И вот внизу, в подвальном помещении, где представлена жизнь первых мучеников–христиан, прекрасное место нашлось. Шикарное помещение, большое, просторное, с освещением и с отоплением. Изображало оно римский цирк со львами и тиграми, терзающими несчастных людей, и от коридора отделялось высокой решеткой. Улучил я момент, когда в коридоре никого не было, перемахнул через решетку, лег у стены среди других христиан и наслаждаюсь уютом. А по коридору в это время опять публика задвигалась. Дамы, мужчины, дети… Смотрят сквозь решетку на меня, на других, охают, плачут. А я лежу, лежу да и заснул наконец. Тепло, светло.

И вот, представьте, просыпаюсь ночью и слышу: недалеко от меня глухое ворчание. Музей давно заперт, свет потушен, кругом ни зги. И вдруг кто–то живой совсем недалеко…

Волосы, милые мои, сразу же дыбом стали на голове. По спине побежали мурашки. Ноги не движутся, по лбу катится холодный пот… Зажег я дрожащей рукой спичку, оглядываюсь и вижу: поднимается из другого угла цирка мертвый христианин, громко зевает, приближается ко мне и. глядя в лицо, говорит человеческим голосом:

— Вы кто: тоже русский?

— Саша! — кричу я. — Неужели это ты? Степанов?

— А как же… Батюшки! Володя! Какими судьбами?

— Вот, дети, какие истории со мной нередко случались, — закончит свой страшный рассказ будущий дедушка. — Вам, малышам, конечно, не понять, как жили отцы. Но если не верите, спросите дядю Алешу: он вам и не то про свои приключения расскажет!

СВЯТОЧНЫЙ РАССКАЗ

Настала дождливая ночь. На бийанкурской набережной, в предместье Парижа, у красного двухэтажного дома, в котором помещается «бюро д’анбош», безлюдно. Тускло светится мокрая мостовая, вздрагивая отблесками газовых фонарей. Над обрывом у Сены жалобным гулом переговариваются высокие тополя, вереницей направляющиеся к севрскому мосту. За черной полосой будто куда–то провалившейся реки застыл хмурый остров, окутанный сетью оголенных деревьев.

Ветер уже с раннего вечера злобствует: рвет в пыль мел- кия капли дождя, бросается рябым лицом в холодные выбоины, взбирается на тополя, угрожая кому–то сухими сучьями и изнеможенно вдруг падает в реку, разбегаясь змеями к далеким зеленым огням.

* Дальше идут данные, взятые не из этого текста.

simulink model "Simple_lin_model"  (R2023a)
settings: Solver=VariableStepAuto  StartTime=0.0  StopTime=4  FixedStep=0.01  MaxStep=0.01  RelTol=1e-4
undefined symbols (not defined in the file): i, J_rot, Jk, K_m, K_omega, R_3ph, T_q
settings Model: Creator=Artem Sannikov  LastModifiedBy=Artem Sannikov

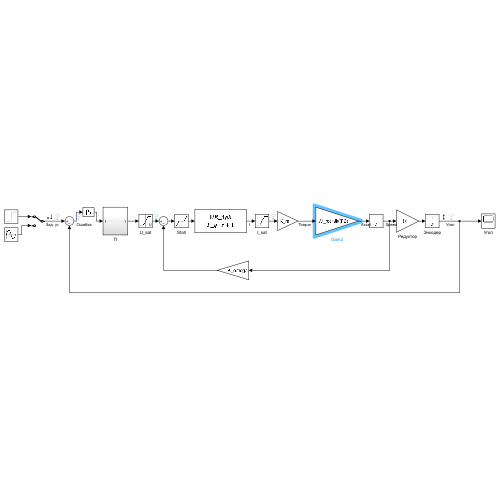
[thumbnail: Simulink's stored preview of the top-level diagram]
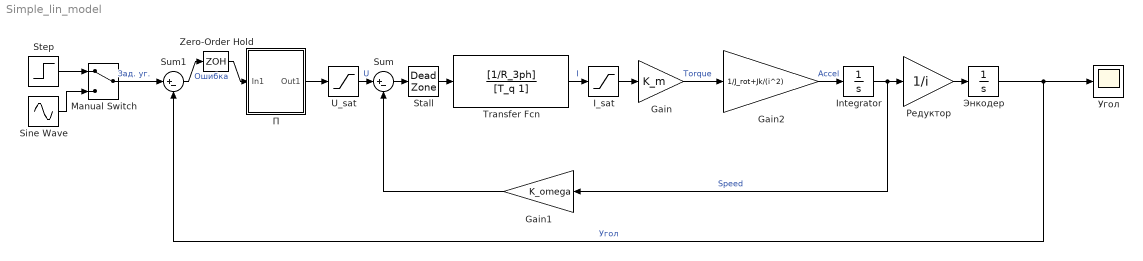
== system Simple_lin_model ==
  Gain : Gain  Gain=K_m
  Gain1 : Gain  Gain=K_omega
  Gain2 : Gain  Gain=1/J_rot+Jk/(i^2)
  I_sat : Saturate  UpperLimit=4  LowerLimit=-4
  Integrator : Integrator
  Manual Switch : ManualSwitch
  Sine Wave : Sin  Amplitude=8.72  Frequency=10  SampleTime=0
  Stall : DeadZone  LowerValue=-5  UpperValue=5
  Step : Step  SampleTime=0
  Sum : Sum  Inputs=|+-
  Sum1 : Sum  Inputs=|+-
  Transfer Fcn : TransferFcn  Numerator=[1/R_3ph]  Denominator=[T_q 1]
  U_sat : Saturate  UpperLimit=11.8  LowerLimit=-11.8
  Zero-Order Hold : ZeroOrderHold  SampleTime=0.001
  П : Subsystem
  Редуктор : Gain  Gain=1/i
  Угол : Scope
  Энкодер : Integrator
  wires:
  Gain1/1 -> Sum/2
  Transfer Fcn/1 -> I_sat/1  "I"
  Gain/1 -> Gain2/1  "Torque"
  Gain2/1 -> Integrator/1  "Accel"
  Integrator/1 -> Gain1/1, Редуктор/1  "Speed"
  Редуктор/1 -> Энкодер/1
  Энкодер/1 -> Sum1/2, Угол/1  "Угол"
  Step/1 -> Manual Switch/1
  Sine Wave/1 -> Manual Switch/2
  Manual Switch/1 -> Sum1/1  "Зад. уг."
  I_sat/1 -> Gain/1
  U_sat/1 -> Sum/1  "U"
  Sum/1 -> Stall/1
  Stall/1 -> Transfer Fcn/1
  П/1(Out1) -> U_sat/1
  Sum1/1 -> Zero-Order Hold/1  "Ошибка"
  Zero-Order Hold/1 -> П/1(In1)

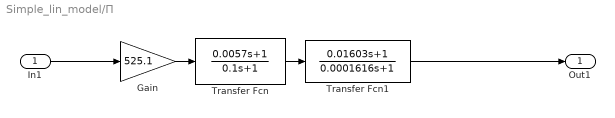
== system Simple_lin_model/П ==
  In1 : Inport
  Gain : Gain  Gain=525.1
  Transfer Fcn : TransferFcn  Numerator=[0.0057 1]  Denominator=[0.1 1]
  Transfer Fcn1 : TransferFcn  Numerator=[0.01603 1]  Denominator=[0.0001616 1]
  Out1 : Outport
  wires:
  Gain/1 -> Transfer Fcn/1
  Transfer Fcn/1 -> Transfer Fcn1/1
  In1/1 -> Gain/1
  Transfer Fcn1/1 -> Out1/1

На дырявых сваях старой пристани, под которой в невидимой воде глухо о чем–то ворчит баржа, сидят две белые тени. Дождь и ветер не производят на них впечатления. Одна плотно укуталась в саван, не движется. Другая распахнула покрывало, разложила на коленных чашках план Парижа, внимательно разглядывает улицы.

— Ну что: нашел адреса?

— Плохо дело. Очень плохо. Всего две, три квартиры, не больше.

— Вот то–то и оно. Я тебе говорил. Да разве у наших православных теперь есть нежилые дома? Все набито битком. Будь мы с тобой иностранные духи, тогда дело другое. Иностранному духу есть где погулять, погрохотать. А нам? Попробуй–ка залезть во французскую квартиру — католические духи мигом — в шею. Нет, ты как хочешь, а я никуда не пойду.

— Но ведь сегодня рождественская ночь, брат мой! Сегодня, согласно обычаю, мы обязаны пугать православных!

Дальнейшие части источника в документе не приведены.